The University of Pennsylvania has agreed to support process development and manufacturing in a Phase II trial of ImmunoCellular Therapeutics’ ICT-107, a dendritic-cell based cancer vaccine for the treatment of glioblastoma multiforme (GBM). The goal is to increase yields such that, in a single manufacturing run, enough doses could be produced for 2–3 years of each patient’s vaccination.
The partners believe that this will reduce the cost of manufacturing of each dose significantly. In addition, the optioned dendritic-cell production technologies developed at UPenn could result in a higher potency as well as reduced time to manufacture these vaccines, ImmunoCellular Therapeutics notes.
ICT-107 is a dendritic-cell based vaccine that works by activating a patient's immune system against specific tumor-associated antigens. This is accomplished by extracting dendritic cells from a patient, loading them with the antigens, and re-introducing them to the patient's body to trigger an immune response.

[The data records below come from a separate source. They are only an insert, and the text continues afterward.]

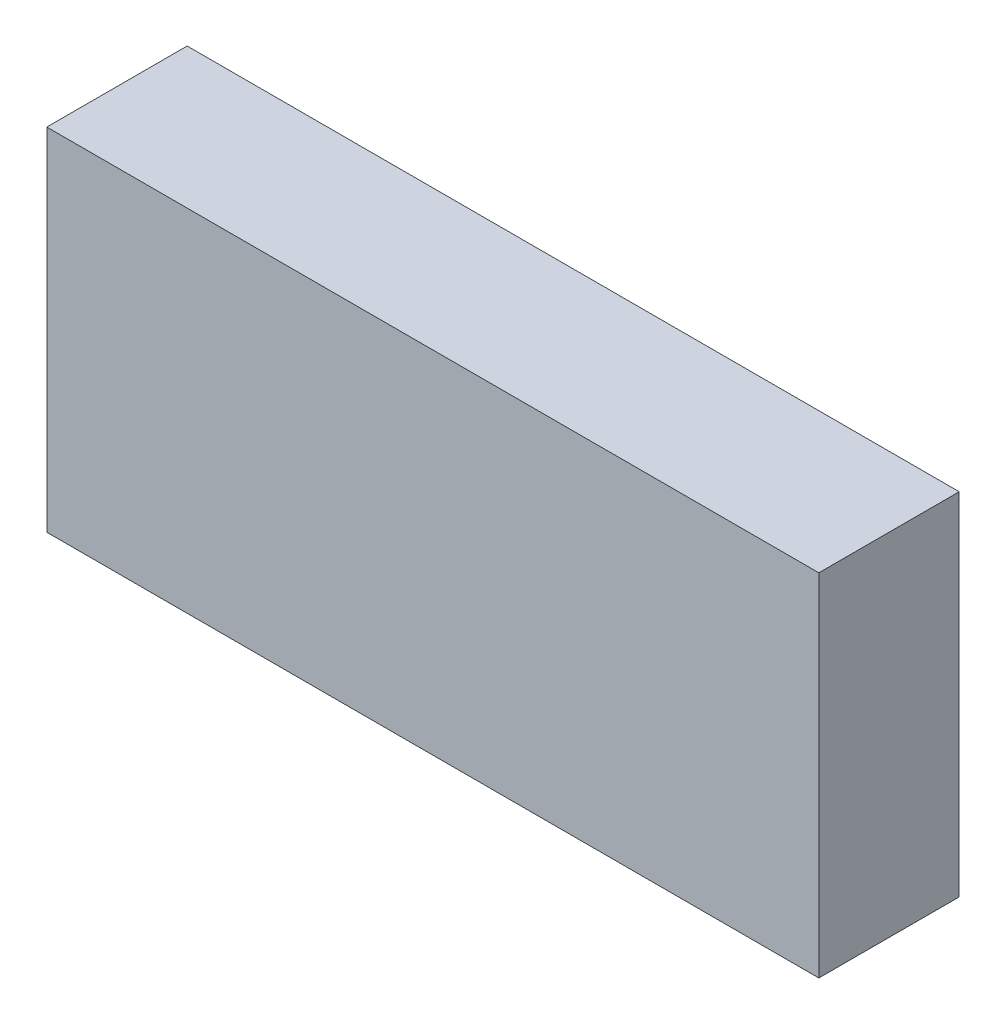
from build123d import *

# Parameters (mm, degrees)
SKETCH1_W                       = 39
SKETCH1_H                       = 155
BOSS_EXTRUDE1_DEPTH             = 2
BOSS_EXTRUDE2_DEPTH             = 38
SKETCH3_W                       = 2
SKETCH3_H                       = 2
BOSS_EXTRUDE3_DEPTH             = 38
SKETCH4_W                       = 2
SKETCH4_H                       = 2
BOSS_EXTRUDE4_DEPTH             = 151
SKETCH6_W                       = 35
SKETCH6_H                       = 2.2
CUT_EXTRUDE1_DEPTH              = 160.340045186
SKETCH7_W                       = 35
SKETCH7_H                       = 2.2
CUT_EXTRUDE2_DEPTH              = 89.490112442
SKETCH5_W                       = 31
SKETCH5_H                       = 2
BOSS_EXTRUDE5_DEPTH             = 2
BOSS_EXTRUDE6_REACH             = 91.367
SKETCH8_W                       = 2
SKETCH8_H                       = 2
BOSS_EXTRUDE6_DIRECTION_2_REACH = 91.367
SKETCH10_W                      = 2
SKETCH10_H                      = 2.2
SKETCH10_W_2                    = 2.2
SKETCH10_H_2                    = 2
BOSS_EXTRUDE8_DEPTH             = 2
SKETCH11_W                      = 2
SKETCH11_H                      = 2.2
SKETCH11_W_2                    = 2.2
SKETCH11_H_2                    = 2
BOSS_EXTRUDE9_DEPTH             = 2
FILLET2_R                       = 2.5
SKETCH14_W                      = 36.5
SKETCH14_H                      = 7.75
BOSS_EXTRUDE10_DEPTH            = 2
SKETCH13_W                      = 31
SKETCH13_H                      = 3
CUT_EXTRUDE4_DEPTH              = 2
FILLET3_R                       = 2
FILLET4_R                       = 0.5
SKETCH15_R                      = 5.1
CUT_EXTRUDE5_DEPTH              = 90.367219941
SKETCH16_R                      = 7.1
BOSS_EXTRUDE11_DEPTH            = 1
FILLET5_R                       = 0.5
FILLET7_R                       = 0.5
CUT_EXTRUDE6_DEPTH              = 6
SKETCH18_W                      = 29
SKETCH18_H                      = 3
CUT_EXTRUDE8_DEPTH              = 90.367219986
CUT_EXTRUDE11_DEPTH             = 90.367219986
CUT_EXTRUDE11_DEPTH_BACK        = 90.367219986
SKETCH20_W                      = 5
SKETCH20_H                      = 40
SKETCH21_W                      = 9
SKETCH21_H                      = 31
CUT_EXTRUDE12_DEPTH             = 89.41097217
CUT_EXTRUDE13_DEPTH             = 41.425858061
CUT_EXTRUDE13_DEPTH_BACK        = 41.425858061
SKETCH22_W                      = 11
SKETCH22_H                      = 8.2
SKETCH23_W                      = 11
SKETCH23_H                      = 17.8
CUT_EXTRUDE14_DEPTH             = 33.334037793


with BuildPart() as part:
    # Sketch1 → Boss-Extrude1 (new body)
    with BuildSketch(Plane(origin=(0, 0, 0), x_dir=(1, 0, 0), z_dir=(0, 1, 0))):
        Rectangle(SKETCH1_W, SKETCH1_H)
    extrude(amount=BOSS_EXTRUDE1_DEPTH)

    # Sketch2 → Boss-Extrude2 (add)
    with BuildSketch(Plane(origin=(0, 2, 0), x_dir=(1, 0, 0), z_dir=(0, 1, 0))):
        Polygon((-17.5, -77.5), (-17.5, -75.5), (-17.5, 75.5), (17.5, 75.5), (17.5, -75.5), (17.5, -77.5), (19.5, -77.5), (19.5, 77.5), (-19.5, 77.5), (-19.5, -77.5), align=None)
    extrude(amount=BOSS_EXTRUDE2_DEPTH)

    # Sketch3 → Boss-Extrude3 (add)
    with BuildSketch(Plane(origin=(0, 2, 0), x_dir=(1, 0, 0), z_dir=(0, 1, 0))):
        with Locations((-16.5, -76.5)):
            Rectangle(SKETCH3_W, SKETCH3_H)
        with Locations((-16.5, -72.3)):
            Rectangle(SKETCH3_W, SKETCH3_H)
        with Locations((16.5, -76.5)):
            Rectangle(SKETCH3_W, SKETCH3_H)
        with Locations((16.5, -72.3)):
            Rectangle(SKETCH3_W, SKETCH3_H)
    extrude(amount=BOSS_EXTRUDE3_DEPTH)

    # Sketch4 → Boss-Extrude4 (add)
    with BuildSketch(Plane.XY.offset(-75.5)):
        with Locations((-16.5, 39)):
            Rectangle(SKETCH4_W, SKETCH4_H)
        Polygon((-15.5, 33.8), (-17.5, 31.8), (-17.5, 35.8), (-15.5, 35.8), align=None)
        Polygon((15.5, 35.8), (17.5, 35.8), (17.5, 31.8), (15.5, 33.8), align=None)
        with Locations((16.5, 39)):
            Rectangle(SKETCH4_W, SKETCH4_H)
    extrude(amount=BOSS_EXTRUDE4_DEPTH)

    # Sketch6 → Cut-Extrude1 (cut, through all)
    with BuildSketch(Plane.XY.offset(-75.5)):
        with Locations((0, 36.9)):
            Rectangle(SKETCH6_W, SKETCH6_H)
    extrude(amount=CUT_EXTRUDE1_DEPTH, mode=Mode.SUBTRACT)

    # Sketch7 → Cut-Extrude2 (cut, through all)
    with BuildSketch(Plane(origin=(0, 2, 0), x_dir=(1, 0, 0), z_dir=(0, 1, 0))):
        with Locations((0, -74.4)):
            Rectangle(SKETCH7_W, SKETCH7_H)
    extrude(amount=CUT_EXTRUDE2_DEPTH, mode=Mode.SUBTRACT)

    # Sketch5 → Boss-Extrude5 (add)
    with BuildSketch(Plane(origin=(0, 2, 0), x_dir=(1, 0, 0), z_dir=(0, 1, 0))):
        with Locations((0, -76.5)):
            Rectangle(SKETCH5_W, SKETCH5_H)
        with Locations((0, -72.3)):
            Rectangle(SKETCH5_W, SKETCH5_H)
    extrude(amount=BOSS_EXTRUDE5_DEPTH)

    # Boss-Extrude6: up to this face of the body (flat: up to its plane)
    boss_extrude6_end = Plane(part.part.faces().sort_by_distance((17.5, 16.9, -2.1))[0])
    # Sketch8 → Boss-Extrude6 (add, up to the picked face)
    with BuildSketch(Plane(origin=(0, 0, 0), x_dir=(0, 0, -1), z_dir=(1, 0, 0)), mode=Mode.PRIVATE) as boss_extrude6_sk1:
        with Locations((74.5, 39)):
            Rectangle(SKETCH8_W, SKETCH8_H)
    boss_extrude6_tool1 = split(extrude(boss_extrude6_sk1.sketch, amount=BOSS_EXTRUDE6_REACH, mode=Mode.PRIVATE), bisect_by=boss_extrude6_end, keep=Keep.BOTH, mode=Mode.PRIVATE)
    # Sketch8 → Boss-Extrude6 (add, up to the picked face)
    with BuildSketch(Plane(origin=(0, 0, 0), x_dir=(0, 0, -1), z_dir=(1, 0, 0)), mode=Mode.PRIVATE) as boss_extrude6_sk2:
        Polygon((75.5, 35.8), (73.5, 35.8), (73.5, 33.8), (75.5, 31.8), align=None)
    boss_extrude6_tool2 = split(extrude(boss_extrude6_sk2.sketch, amount=BOSS_EXTRUDE6_REACH, mode=Mode.PRIVATE), bisect_by=boss_extrude6_end, keep=Keep.BOTH, mode=Mode.PRIVATE)
    add(boss_extrude6_tool1.solids().sort_by(Axis((0, 39, -74.5), (1, 0, 0)))[0])
    add(boss_extrude6_tool2.solids().sort_by(Axis((0, 34.244444, -74.611111), (1, 0, 0)))[0])

    # Boss-Extrude6 direction 2: up to this face of the body (flat: up to its plane)
    boss_extrude6_direction_2_end = Plane(part.part.faces().sort_by_distance((-17.5, 16.9, -2.1))[0])
    # Sketch8 → Boss-Extrude6 direction 2 (add, up to the picked face)
    with BuildSketch(Plane(origin=(0, 0, 0), x_dir=(0, 0, -1), z_dir=(1, 0, 0)), mode=Mode.PRIVATE) as boss_extrude6_direction_2_sk1:
        with Locations((74.5, 39)):
            Rectangle(SKETCH8_W, SKETCH8_H)
    boss_extrude6_direction_2_tool1 = split(extrude(boss_extrude6_direction_2_sk1.sketch, amount=-BOSS_EXTRUDE6_DIRECTION_2_REACH, mode=Mode.PRIVATE), bisect_by=boss_extrude6_direction_2_end, keep=Keep.BOTH, mode=Mode.PRIVATE)
    # Sketch8 → Boss-Extrude6 direction 2 (add, up to the picked face)
    with BuildSketch(Plane(origin=(0, 0, 0), x_dir=(0, 0, -1), z_dir=(1, 0, 0)), mode=Mode.PRIVATE) as boss_extrude6_direction_2_sk2:
        Polygon((75.5, 35.8), (73.5, 35.8), (73.5, 33.8), (75.5, 31.8), align=None)
    boss_extrude6_direction_2_tool2 = split(extrude(boss_extrude6_direction_2_sk2.sketch, amount=-BOSS_EXTRUDE6_DIRECTION_2_REACH, mode=Mode.PRIVATE), bisect_by=boss_extrude6_direction_2_end, keep=Keep.BOTH, mode=Mode.PRIVATE)
    add(boss_extrude6_direction_2_tool1.solids().sort_by(Axis((0, 39, -74.5), (-1, 0, 0)))[0])
    add(boss_extrude6_direction_2_tool2.solids().sort_by(Axis((0, 34.244444, -74.611111), (-1, 0, 0)))[0])

    # Sketch10 → Boss-Extrude8 (add)
    with BuildSketch(Plane(origin=(-17.5, 0, 0), x_dir=(0, 0, -1), z_dir=(1, 0, 0))):
        with Locations((-76.5, 36.9)):
            Rectangle(SKETCH10_W, SKETCH10_H)
        with Locations((-74.4, 39)):
            Rectangle(SKETCH10_W_2, SKETCH10_H_2)
    extrude(amount=BOSS_EXTRUDE8_DEPTH)

    # Sketch11 → Boss-Extrude9 (add)
    with BuildSketch(Plane.ZY.offset(-17.5)):
        with Locations((76.5, 36.9)):
            Rectangle(SKETCH11_W, SKETCH11_H)
        with Locations((74.4, 39)):
            Rectangle(SKETCH11_W_2, SKETCH11_H_2)
    extrude(amount=BOSS_EXTRUDE9_DEPTH)

    # Fillet2
    fillet2_edges = [part.edges().sort_by_distance(p)[0] for p in [
        (-17.5, 16.9, 71.3),
        (17.5, 16.9, 71.3),
        (19.5, 20, 77.5),
        (-19.5, 20, 77.5),
        (-19.5, 20, -77.5),
        (-17.5, 16.9, -75.5),
        (17.5, 16.9, -75.5),
        (19.5, 20, -77.5),
        (19.5, 40, 0),
        (-19.5, 40, 0),
        (19.5, 0, 0),
        (-19.5, 0, 0),
        (0, 40, -77.5),
        (0, 0, 77.5),
        (0, 0, -77.5),
        (-17.5, 40, 77.5),
        (17.5, 40, 77.5),
    ]]
    fillet(fillet2_edges, radius=FILLET2_R)

    # Sketch14 → Boss-Extrude10 (add)
    with BuildSketch(Plane.XY.offset(-75.5)):
        with Locations((0, 5.125)):
            Rectangle(SKETCH14_W, SKETCH14_H)
    extrude(amount=BOSS_EXTRUDE10_DEPTH)

    # Sketch13 → Cut-Extrude4 (cut)
    with BuildSketch(Plane(origin=(0, 0, -77.5), x_dir=(-1, 0, 0), z_dir=(0, 0, -1))):
        with Locations((0, 5.5)):
            Rectangle(SKETCH13_W, SKETCH13_H)
    extrude(amount=-CUT_EXTRUDE4_DEPTH, mode=Mode.SUBTRACT)

    # Fillet3
    fillet3_edges = [part.edges().sort_by_distance(p)[0] for p in [
        (0, 9, -73.5),
    ]]
    fillet(fillet3_edges, radius=FILLET3_R - 0.0001)  # a hair under: the kernel refuses the full size

    # Fillet4
    fillet4_edges = [part.edges().sort_by_distance(p)[0] for p in [
        (15.5, 5.5, -75.5),
        (15.5, 4, -76.5),
        (0, 7, -75.5),
        (15.5, 7, -76.5),
        (-15.5, 5.5, -75.5),
        (-15.5, 7, -76.5),
        (0, 4, -75.5),
        (-15.5, 4, -76.5),
        (15.5, 5.5, -77.5),
        (0, 4, -77.5),
        (-15.5, 5.5, -77.5),
        (0, 7, -77.5),
    ]]
    fillet(fillet4_edges, radius=FILLET4_R)

    # Sketch15 → Cut-Extrude5 (cut, through all)
    with BuildSketch(Plane.XZ):
        with Locations(Location((0, 38.75, 0), (0, 0, 270))):
            Circle(SKETCH15_R)
        with Locations(Location((0, -38.75, 0), (0, 0, 270))):
            Circle(SKETCH15_R)
    extrude(amount=-CUT_EXTRUDE5_DEPTH, mode=Mode.SUBTRACT)

    # Sketch16 → Boss-Extrude11 (add)
    with BuildSketch(Plane(origin=(0, 2, 0), x_dir=(1, 0, 0), z_dir=(0, 1, 0))):
        with Locations(Location((0, 38.75, 0), (0, 0, 270))):
            Circle(SKETCH16_R)
        with Locations(Location((0, -38.75, 0), (0, 0, 270))):
            Circle(SKETCH16_R)
    extrude(amount=BOSS_EXTRUDE11_DEPTH)

    # Fillet5
    fillet5_edges = [part.edges().sort_by_distance(p)[0] for p in [
        (0, 2, -45.85),
        (0, 3, -45.85),
        (0, 2, 31.65),
        (0, 3, 31.65),
    ]]
    fillet(fillet5_edges, radius=FILLET5_R - 0.0001)  # a hair under: the kernel refuses the full size

    # Fillet7
    fillet7_edges = [part.edges().sort_by_distance(p)[0] for p in [
        (15.5, 40, 0.75),
        (0, 4, 77.5),
        (0, 40, -73.5),
        (-15.5, 40, 0.75),
        (-15.5, 20.75, 77.5),
        (-15.5, 39.267766953, 76.767766953),
        (15.5, 20.75, 77.5),
        (15.5, 39.267766953, 76.767766953),
    ]]
    fillet(fillet7_edges, radius=FILLET7_R)

    # Sketch17 → Cut-Extrude6 (cut)
    with BuildSketch(Plane.XZ):
        Polygon((-17, -77.5), (-17, 70.299999999), (-14.999999999, 71.3), (-14.999999999, 77.5), (14.999999999, 77.5), (14.999999999, 71.3), (17, 70.299999999), (17, -77.5), align=None)
    extrude(amount=-CUT_EXTRUDE6_DEPTH, mode=Mode.SUBTRACT)

    # Sketch18 → Cut-Extrude8 (cut, through all)
    with BuildSketch(Plane.XY):
        with Locations((0, 7.5)):
            Rectangle(SKETCH18_W, SKETCH18_H)
    extrude(amount=-CUT_EXTRUDE8_DEPTH, mode=Mode.SUBTRACT)

    # Sketch20 → Cut-Extrude11 (cut, two sides: drawn at the far end of the back side and taken through both)
    with BuildSketch(Plane.XY.offset(-CUT_EXTRUDE11_DEPTH_BACK)):
        Polygon((19.5, 40), (14.5, 40), (14.5, 6), (14.5, 0), (19.5, 0), align=None)
        with Locations((-17, 20)):
            Rectangle(SKETCH20_W, SKETCH20_H)
    extrude(amount=CUT_EXTRUDE11_DEPTH + CUT_EXTRUDE11_DEPTH_BACK, mode=Mode.SUBTRACT)

    # Sketch21 → Cut-Extrude12 (cut, through all)
    with BuildSketch(Plane.XY):
        with Locations((-10, 24.5)):
            Rectangle(SKETCH21_W, SKETCH21_H)
        with Locations((10, 24.5)):
            Rectangle(SKETCH21_W, SKETCH21_H)
    extrude(amount=-CUT_EXTRUDE12_DEPTH, mode=Mode.SUBTRACT)

    # Sketch22 → Cut-Extrude13 (cut, two sides: drawn at the far end of the back side and taken through both)
    with BuildSketch(Plane.XY.offset(-75.5).offset(-CUT_EXTRUDE13_DEPTH_BACK)):
        with Locations((0, 35.9)):
            Rectangle(SKETCH22_W, SKETCH22_H)
    extrude(amount=CUT_EXTRUDE13_DEPTH + CUT_EXTRUDE13_DEPTH_BACK, mode=Mode.SUBTRACT)

    # Sketch23 → Cut-Extrude14 (cut, through all)
    with BuildSketch(Plane.XY.offset(-75.5)):
        with Locations((0, 17.9)):
            Rectangle(SKETCH23_W, SKETCH23_H)
    extrude(amount=-CUT_EXTRUDE14_DEPTH, mode=Mode.SUBTRACT)


solid = part.part

The Phase I study of ICT-107 in GBM was conducted in newly diagnosed patients. Those who received the vaccine demonstrated a median progression-free survival (PFS) of 17.7 months after surgery, while the historical median PFS is 6.9 months. Seven of the 16 patients (43.75%) who participated in the study continue to live with no disease progression with an average time of over 2 years; historical data puts disease-free survival at less than 15%.
The six tumor-associated antigens used in ICT-107 are AIM2, Her-2/neu, gp-100, MAGE-1, TRP-2, and IL13Ra2. These antigens are highly expressed in GBM as well as a number of other types of cancer, including breast, ovarian, colon, and melanoma. In addition, three of these antigens are highly expressed on cancer stem cells. ICT-107 may, therefore, be potentially applicable to multiple cancer types and may target both the bulk of the tumor as well as cancer stem cells, ImmunoCellular Therapeutics reports.
The company also has another immunotherapy called ICT-121. It reportedly targets cancer stem cells and is being tested in GBM and other cancer indications. ICT-121 is targeted to enter clinical trials for GBM during the second half of this year.
Additionally, the company has entered into a research and license option deal with Roche for one of its mAb candidates for the diagnosis and treatment of ovarian cancer and multiple myeloma, which provides for potential licensing and milestone payments of $32 million. In total the company has three mAbs in preclinical development against various types of cancer and one in development specifically as a diagnostic/prognostic tool.